# New Spotted python enclosure.



## miss_mosher (Feb 14, 2012)

Hey everyone, just wanting some opinions on heating and lighting options. So I'm relocating an old lonely female spotted into a new enclosure and just looking to start fresh with equipment and wanting the old girl to be as comfortable as possible. The new enclosure will be the same as the one pictured but snake proof of course (solid top, front glass sliding doors, locks etc). It's a 100x50x50. I'm looking to get her a new mat 1/3 size of the floor, but what other lights would you recommend? There's too many options out there...
Any opinions will be appreciated 







This is the replica (but will be snake proof) I also forgot to mention the enclosure will be designed to sit under this one.
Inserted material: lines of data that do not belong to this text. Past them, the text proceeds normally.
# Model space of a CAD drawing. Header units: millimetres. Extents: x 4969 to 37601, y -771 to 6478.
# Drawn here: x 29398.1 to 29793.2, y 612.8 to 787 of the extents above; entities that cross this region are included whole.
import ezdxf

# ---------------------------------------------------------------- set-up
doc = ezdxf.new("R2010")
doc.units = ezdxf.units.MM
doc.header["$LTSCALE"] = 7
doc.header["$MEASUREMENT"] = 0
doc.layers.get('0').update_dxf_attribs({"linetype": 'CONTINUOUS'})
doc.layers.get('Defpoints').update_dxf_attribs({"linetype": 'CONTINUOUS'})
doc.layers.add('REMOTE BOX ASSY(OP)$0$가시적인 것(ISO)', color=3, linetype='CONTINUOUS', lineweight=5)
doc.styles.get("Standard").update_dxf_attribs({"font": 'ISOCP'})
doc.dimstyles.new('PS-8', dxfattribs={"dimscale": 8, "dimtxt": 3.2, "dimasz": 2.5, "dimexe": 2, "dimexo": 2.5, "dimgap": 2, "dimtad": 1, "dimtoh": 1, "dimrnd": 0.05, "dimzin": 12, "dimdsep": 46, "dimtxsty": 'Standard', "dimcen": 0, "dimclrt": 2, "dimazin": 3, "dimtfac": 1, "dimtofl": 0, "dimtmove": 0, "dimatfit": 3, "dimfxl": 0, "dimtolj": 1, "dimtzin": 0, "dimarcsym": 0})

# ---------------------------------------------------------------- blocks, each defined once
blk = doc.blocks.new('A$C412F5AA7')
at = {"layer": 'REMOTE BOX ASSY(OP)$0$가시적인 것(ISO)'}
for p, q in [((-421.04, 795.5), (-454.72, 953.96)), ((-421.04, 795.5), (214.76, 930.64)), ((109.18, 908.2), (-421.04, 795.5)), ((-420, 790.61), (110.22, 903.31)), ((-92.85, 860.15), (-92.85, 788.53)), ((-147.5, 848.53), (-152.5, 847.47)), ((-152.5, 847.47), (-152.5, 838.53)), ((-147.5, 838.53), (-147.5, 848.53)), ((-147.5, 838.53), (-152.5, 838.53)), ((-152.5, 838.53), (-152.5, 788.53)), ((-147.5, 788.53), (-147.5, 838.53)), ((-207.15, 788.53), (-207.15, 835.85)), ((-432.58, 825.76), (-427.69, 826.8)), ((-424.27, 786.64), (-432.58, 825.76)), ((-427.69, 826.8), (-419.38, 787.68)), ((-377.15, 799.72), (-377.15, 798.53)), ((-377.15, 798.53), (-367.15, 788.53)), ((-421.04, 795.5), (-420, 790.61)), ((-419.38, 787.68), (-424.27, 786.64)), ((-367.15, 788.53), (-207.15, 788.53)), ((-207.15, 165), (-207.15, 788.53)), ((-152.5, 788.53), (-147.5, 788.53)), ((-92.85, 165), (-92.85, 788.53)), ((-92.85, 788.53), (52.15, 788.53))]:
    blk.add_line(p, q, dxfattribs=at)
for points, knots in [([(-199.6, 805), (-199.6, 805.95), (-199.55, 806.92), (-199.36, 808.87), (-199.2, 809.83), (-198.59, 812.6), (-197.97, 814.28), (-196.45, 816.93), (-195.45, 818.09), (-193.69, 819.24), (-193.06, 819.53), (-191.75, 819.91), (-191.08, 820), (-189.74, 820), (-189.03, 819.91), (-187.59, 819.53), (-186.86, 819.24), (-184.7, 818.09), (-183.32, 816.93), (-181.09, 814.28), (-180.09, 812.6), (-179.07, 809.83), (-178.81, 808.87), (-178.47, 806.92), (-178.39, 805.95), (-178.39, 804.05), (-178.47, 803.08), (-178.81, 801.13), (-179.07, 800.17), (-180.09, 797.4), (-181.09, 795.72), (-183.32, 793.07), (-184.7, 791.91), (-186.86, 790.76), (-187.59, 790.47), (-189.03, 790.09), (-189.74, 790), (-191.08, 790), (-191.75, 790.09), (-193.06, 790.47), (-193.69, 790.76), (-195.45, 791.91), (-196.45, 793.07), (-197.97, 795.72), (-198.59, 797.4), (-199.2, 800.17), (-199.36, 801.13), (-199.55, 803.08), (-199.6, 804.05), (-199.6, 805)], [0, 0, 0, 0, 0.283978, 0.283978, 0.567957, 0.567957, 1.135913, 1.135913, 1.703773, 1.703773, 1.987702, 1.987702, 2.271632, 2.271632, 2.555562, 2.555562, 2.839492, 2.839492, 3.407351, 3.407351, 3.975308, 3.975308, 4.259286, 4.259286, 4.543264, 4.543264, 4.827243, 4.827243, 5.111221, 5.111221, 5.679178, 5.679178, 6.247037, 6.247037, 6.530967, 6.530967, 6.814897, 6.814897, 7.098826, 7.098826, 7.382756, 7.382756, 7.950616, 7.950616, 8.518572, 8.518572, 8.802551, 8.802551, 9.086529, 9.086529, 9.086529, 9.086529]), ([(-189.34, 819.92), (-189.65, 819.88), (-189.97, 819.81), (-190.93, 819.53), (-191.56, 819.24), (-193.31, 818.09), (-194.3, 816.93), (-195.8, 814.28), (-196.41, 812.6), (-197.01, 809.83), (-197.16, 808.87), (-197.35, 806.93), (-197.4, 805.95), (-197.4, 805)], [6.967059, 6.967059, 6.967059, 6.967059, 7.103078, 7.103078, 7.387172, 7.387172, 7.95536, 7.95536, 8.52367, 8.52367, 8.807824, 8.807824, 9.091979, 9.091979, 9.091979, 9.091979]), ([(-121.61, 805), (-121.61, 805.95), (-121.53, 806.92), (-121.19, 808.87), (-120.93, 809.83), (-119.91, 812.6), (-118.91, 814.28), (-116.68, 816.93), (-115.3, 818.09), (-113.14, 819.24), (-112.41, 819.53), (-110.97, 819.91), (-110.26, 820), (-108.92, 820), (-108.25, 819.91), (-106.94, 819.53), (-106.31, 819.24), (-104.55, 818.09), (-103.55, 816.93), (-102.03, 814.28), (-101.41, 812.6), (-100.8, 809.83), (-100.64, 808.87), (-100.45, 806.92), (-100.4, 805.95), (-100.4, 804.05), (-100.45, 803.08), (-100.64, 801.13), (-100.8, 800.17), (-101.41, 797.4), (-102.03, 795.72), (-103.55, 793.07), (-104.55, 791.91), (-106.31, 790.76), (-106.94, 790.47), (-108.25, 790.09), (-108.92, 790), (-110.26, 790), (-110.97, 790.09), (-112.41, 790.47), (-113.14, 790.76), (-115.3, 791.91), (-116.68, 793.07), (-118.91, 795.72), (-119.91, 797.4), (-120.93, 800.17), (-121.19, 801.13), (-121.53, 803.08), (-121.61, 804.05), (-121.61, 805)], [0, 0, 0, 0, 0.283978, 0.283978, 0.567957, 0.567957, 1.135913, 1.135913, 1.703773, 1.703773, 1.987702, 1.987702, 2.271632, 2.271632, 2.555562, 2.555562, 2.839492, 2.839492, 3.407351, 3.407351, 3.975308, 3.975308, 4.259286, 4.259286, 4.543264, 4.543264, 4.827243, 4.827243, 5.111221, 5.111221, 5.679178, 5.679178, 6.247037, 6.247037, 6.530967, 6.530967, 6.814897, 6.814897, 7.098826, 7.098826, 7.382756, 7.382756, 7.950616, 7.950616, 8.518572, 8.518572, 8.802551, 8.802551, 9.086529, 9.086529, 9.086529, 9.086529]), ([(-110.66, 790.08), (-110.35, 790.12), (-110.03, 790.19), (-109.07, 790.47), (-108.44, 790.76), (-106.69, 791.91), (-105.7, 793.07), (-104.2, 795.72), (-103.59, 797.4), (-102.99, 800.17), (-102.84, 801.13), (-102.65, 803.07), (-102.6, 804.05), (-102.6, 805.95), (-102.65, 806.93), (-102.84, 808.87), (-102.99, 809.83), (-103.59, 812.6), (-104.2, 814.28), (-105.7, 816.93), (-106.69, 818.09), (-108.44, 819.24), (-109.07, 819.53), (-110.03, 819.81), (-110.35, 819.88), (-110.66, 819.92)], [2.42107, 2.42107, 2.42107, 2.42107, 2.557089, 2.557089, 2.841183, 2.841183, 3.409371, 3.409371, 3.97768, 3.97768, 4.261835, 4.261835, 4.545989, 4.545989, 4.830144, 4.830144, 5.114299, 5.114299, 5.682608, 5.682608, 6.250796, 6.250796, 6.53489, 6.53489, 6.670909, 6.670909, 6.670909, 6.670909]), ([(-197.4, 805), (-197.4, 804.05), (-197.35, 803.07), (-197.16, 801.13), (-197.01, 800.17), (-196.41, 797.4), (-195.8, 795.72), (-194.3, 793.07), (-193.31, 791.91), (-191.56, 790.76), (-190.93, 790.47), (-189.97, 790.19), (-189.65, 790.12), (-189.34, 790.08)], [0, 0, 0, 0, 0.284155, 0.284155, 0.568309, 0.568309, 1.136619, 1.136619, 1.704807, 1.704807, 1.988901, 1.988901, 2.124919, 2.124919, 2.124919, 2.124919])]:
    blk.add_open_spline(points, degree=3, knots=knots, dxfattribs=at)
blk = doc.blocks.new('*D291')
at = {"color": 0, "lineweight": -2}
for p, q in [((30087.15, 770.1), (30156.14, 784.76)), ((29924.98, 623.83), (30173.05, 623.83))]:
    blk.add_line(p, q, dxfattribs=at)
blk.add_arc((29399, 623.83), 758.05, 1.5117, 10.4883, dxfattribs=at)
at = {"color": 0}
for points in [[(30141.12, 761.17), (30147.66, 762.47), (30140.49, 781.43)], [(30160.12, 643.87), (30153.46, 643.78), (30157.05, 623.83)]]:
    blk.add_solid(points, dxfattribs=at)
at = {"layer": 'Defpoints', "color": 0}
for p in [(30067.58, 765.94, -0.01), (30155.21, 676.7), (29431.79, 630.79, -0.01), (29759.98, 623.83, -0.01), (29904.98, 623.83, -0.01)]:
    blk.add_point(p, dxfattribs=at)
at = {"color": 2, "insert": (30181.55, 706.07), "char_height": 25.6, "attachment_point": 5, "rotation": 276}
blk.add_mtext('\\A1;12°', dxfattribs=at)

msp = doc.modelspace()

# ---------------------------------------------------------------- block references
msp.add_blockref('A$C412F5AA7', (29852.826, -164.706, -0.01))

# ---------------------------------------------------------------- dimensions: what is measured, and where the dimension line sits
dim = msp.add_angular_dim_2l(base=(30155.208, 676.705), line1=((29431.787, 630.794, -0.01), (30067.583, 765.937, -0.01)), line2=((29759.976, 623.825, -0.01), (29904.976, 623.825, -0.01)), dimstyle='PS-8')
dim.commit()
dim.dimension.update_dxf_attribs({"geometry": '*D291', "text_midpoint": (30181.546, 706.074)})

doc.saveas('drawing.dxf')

So it will be cooler sitting on the ground.


----------



## notechistiger (Feb 15, 2012)

Can't see any photos, but I wouldn't bother with a heat mat if you're planning on using lights also. A 40w or 60w heat globe should be sufficient to heat the enclosure, with a thermostat of course. If you want the enclosure to be pretty you could put in a fluorescent light connected to a timer to show off everything during the day or part of the day. Of course you would need to monitor her to make sure the light isn't stressing her out. Some would suggest a UV fluorescent light, but it isn't necessary for her.


----------



## leamos (Feb 15, 2012)

Agree 100% with everything above. I regards to fluro lights, I reccommend just using a standard 'full spectrum' or daylight/sunlight aquarium fluro tube, they're 1/3 the price of the reptile uv tubes, and your snake doesn't need uv, plus the full spectrum light will show off your snakes colours and patterns really well, but thats just my opinion, I'm sure someone will say otherwise


----------



## miss_mosher (Feb 15, 2012)

Awesome I think I'll stick with that, everyone keeps saying different things about heat mats and it's just confusing. But I know which lights last and which ones are useless so I'll stick with those. 

Thanks guys!


----------



## Jarden (Feb 15, 2012)

i wouldnt put a heat mat inside a enclosure just use ceramic heat emmiters or heat globes on a stat


----------